*** Opening of DATASET EXCERPTS ***

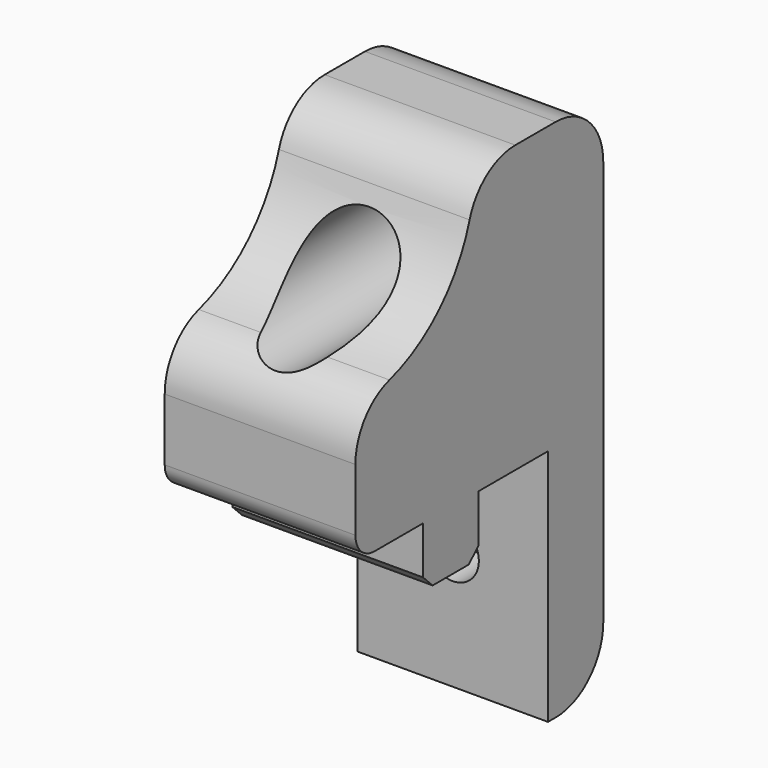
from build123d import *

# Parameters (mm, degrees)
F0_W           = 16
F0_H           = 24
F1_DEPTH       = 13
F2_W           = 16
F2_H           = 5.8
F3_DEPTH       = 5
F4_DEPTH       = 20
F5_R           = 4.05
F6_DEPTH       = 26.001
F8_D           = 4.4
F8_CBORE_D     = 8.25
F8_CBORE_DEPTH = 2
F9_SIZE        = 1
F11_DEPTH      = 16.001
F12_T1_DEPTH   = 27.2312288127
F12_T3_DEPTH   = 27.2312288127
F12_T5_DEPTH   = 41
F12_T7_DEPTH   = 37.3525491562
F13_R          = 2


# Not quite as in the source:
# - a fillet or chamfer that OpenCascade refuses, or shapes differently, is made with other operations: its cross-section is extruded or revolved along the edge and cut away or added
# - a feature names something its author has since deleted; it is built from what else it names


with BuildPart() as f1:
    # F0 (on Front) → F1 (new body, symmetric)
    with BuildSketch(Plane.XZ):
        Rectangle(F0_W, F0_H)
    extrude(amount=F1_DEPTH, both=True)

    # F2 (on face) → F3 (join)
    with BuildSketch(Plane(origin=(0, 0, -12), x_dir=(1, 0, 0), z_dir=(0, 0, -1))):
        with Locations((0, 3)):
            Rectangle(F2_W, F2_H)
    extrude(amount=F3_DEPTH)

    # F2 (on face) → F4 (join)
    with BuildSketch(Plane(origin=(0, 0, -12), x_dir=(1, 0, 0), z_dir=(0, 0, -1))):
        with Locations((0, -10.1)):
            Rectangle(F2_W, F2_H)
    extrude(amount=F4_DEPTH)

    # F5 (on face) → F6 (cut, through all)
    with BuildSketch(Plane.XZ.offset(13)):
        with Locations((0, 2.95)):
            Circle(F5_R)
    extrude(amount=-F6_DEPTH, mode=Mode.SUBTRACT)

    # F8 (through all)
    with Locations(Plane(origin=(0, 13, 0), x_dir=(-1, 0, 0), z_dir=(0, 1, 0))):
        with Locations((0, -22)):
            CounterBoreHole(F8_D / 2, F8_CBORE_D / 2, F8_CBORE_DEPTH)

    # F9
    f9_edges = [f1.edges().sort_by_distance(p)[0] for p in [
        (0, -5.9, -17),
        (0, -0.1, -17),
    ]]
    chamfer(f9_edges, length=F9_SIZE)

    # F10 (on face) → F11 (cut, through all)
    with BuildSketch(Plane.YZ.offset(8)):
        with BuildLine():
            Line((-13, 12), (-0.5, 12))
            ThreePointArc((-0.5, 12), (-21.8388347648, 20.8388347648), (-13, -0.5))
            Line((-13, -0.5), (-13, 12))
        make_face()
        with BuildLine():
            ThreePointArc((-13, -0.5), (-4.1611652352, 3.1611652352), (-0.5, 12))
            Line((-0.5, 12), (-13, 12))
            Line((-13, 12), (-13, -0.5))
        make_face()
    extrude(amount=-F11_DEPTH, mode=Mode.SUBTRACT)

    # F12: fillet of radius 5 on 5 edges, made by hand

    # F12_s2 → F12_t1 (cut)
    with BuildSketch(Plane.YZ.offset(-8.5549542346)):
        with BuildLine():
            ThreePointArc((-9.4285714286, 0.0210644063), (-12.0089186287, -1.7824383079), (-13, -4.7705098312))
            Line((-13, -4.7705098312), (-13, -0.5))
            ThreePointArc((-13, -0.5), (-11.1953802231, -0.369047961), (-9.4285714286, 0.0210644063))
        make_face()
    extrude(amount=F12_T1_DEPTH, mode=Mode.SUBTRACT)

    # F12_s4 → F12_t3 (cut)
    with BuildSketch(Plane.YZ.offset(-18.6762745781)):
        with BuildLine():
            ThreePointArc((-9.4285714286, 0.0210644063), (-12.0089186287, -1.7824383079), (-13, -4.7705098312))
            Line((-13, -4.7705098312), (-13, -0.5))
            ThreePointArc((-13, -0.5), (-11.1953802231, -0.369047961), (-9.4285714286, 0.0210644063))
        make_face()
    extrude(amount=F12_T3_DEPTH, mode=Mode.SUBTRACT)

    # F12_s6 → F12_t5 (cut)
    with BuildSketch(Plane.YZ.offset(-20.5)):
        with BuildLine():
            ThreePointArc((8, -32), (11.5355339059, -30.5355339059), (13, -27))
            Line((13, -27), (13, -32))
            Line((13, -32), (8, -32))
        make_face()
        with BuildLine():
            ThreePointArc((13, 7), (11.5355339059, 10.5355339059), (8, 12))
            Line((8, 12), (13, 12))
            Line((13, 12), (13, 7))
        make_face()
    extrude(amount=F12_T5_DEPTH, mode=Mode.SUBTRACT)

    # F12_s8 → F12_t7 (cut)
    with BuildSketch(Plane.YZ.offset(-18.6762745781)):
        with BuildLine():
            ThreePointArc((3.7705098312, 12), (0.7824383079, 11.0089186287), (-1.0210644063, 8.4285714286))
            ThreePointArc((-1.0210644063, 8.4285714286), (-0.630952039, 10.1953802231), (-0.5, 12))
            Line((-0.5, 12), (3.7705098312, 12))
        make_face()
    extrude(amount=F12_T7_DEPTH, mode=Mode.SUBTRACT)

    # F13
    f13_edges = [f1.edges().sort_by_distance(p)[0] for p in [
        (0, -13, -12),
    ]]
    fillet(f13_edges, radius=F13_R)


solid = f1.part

*** Close of DATASET EXCERPTS ***

WORK ORDER: Number of lines above with the word "SUBTRACT": supply it alone.

SOLUTION TO THE PROBLEM: 6